■ To do ■
Leaving the pictures aside, transcribe every line below exactly.
[[ Available records, beginning ]]
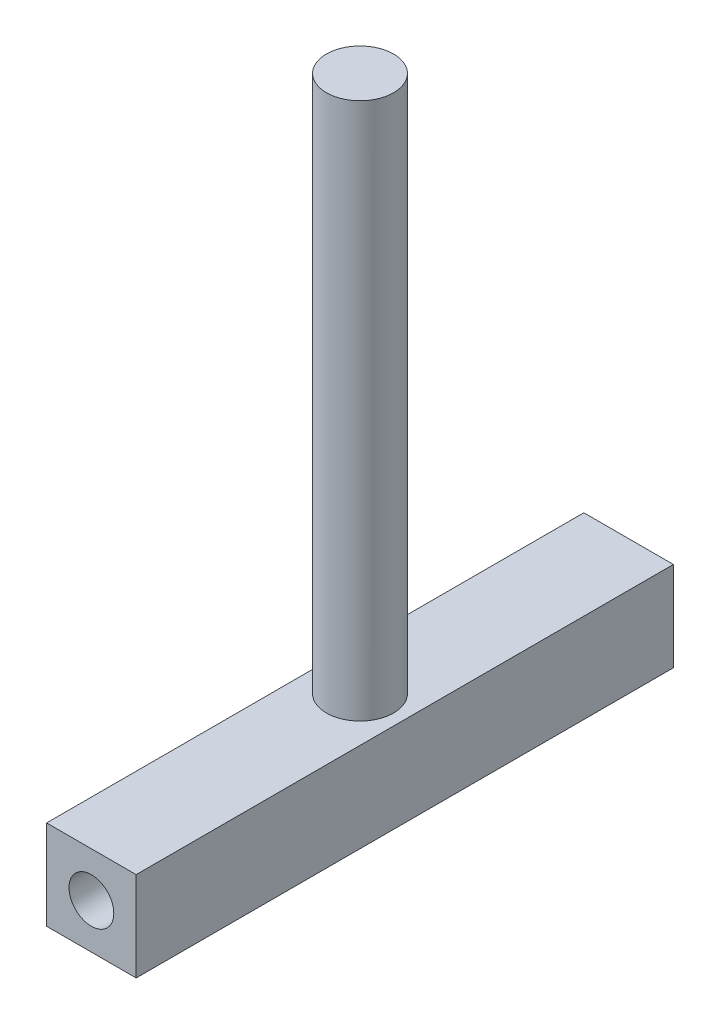
SolidWorks part; units mm, degrees
ref_plane "Front Plane" through (0, 0, 0) normal (0, 0, 1) x (1, 0, 0)
ref_plane "Top Plane" through (0, 0, 0) normal (0, 1, 0) x (1, 0, 0)
ref_plane "Right Plane" through (0, 0, 0) normal (1, 0, 0) x (0, 0, -1)
sketch "Sketch1" plane through (0, 0, 0) normal (0, 0, 1) x (1, 0, 0)
  line L1 (-10, 10) -> (10, 10)
  line L2 (-10, 10) -> (-10, -10)
  line L3 (-10, -10) -> (10, -10)
  line L4 (10, 10) -> (10, -10)
  line L5 (-10, 10) -> (10, -10) construction
  line L6 (-10, -10) -> (10, 10) construction
  circle A0 centre (0, 0) radius 5
  point P1 (0, 0)
  dimension "D3" = 10
  dimension "D1" = 20
  dimension "D2" = 20
extrude "Boss-Extrude1" add sketch "Sketch1" along normal blind 120
sketch "Sketch2" plane through (0, 10, 0) normal (0, 1, 0) x (1, 0, 0)
  line L0 (0, -120) -> (0, 0) construction
  line L1 (10, -120) -> (-10, -120) construction
  line L2 (-10, -60) -> (10, -60) construction
  line L3 (-10, -120) -> (-10, 0) construction
  line L4 (10, -120) -> (10, 0) construction
  circle A0 centre (0, -60) radius 7.5
  dimension "D1" = 15
extrude "Boss-Extrude2" add sketch "Sketch2" along normal blind 120
[[ Available records, end ]]
■ Solution to the exercise ■
SolidWorks part; units mm, degrees
ref_plane "Front Plane" through (0, 0, 0) normal (0, 0, 1) x (1, 0, 0)
ref_plane "Top Plane" through (0, 0, 0) normal (0, 1, 0) x (1, 0, 0)
ref_plane "Right Plane" through (0, 0, 0) normal (1, 0, 0) x (0, 0, -1)
sketch "Sketch1" plane through (0, 0, 0) normal (0, 0, 1) x (1, 0, 0)
  line L1 (-10, 10) -> (10, 10)
  line L2 (-10, 10) -> (-10, -10)
  line L3 (-10, -10) -> (10, -10)
  line L4 (10, 10) -> (10, -10)
  line L5 (-10, 10) -> (10, -10) construction
  line L6 (-10, -10) -> (10, 10) construction
  circle A0 centre (0, 0) radius 5
  point P1 (0, 0)
  dimension "D3" = 10
  dimension "D1" = 20
  dimension "D2" = 20
extrude "Boss-Extrude1" add sketch "Sketch1" along normal blind 120
sketch "Sketch2" plane through (0, 10, 0) normal (0, 1, 0) x (1, 0, 0)
  line L0 (0, -120) -> (0, 0) construction
  line L1 (10, -120) -> (-10, -120) construction
  line L2 (-10, -60) -> (10, -60) construction
  line L3 (-10, -120) -> (-10, 0) construction
  line L4 (10, -120) -> (10, 0) construction
  circle A0 centre (0, -60) radius 7.5
  dimension "D1" = 15
extrude "Boss-Extrude2" add sketch "Sketch2" along normal blind 120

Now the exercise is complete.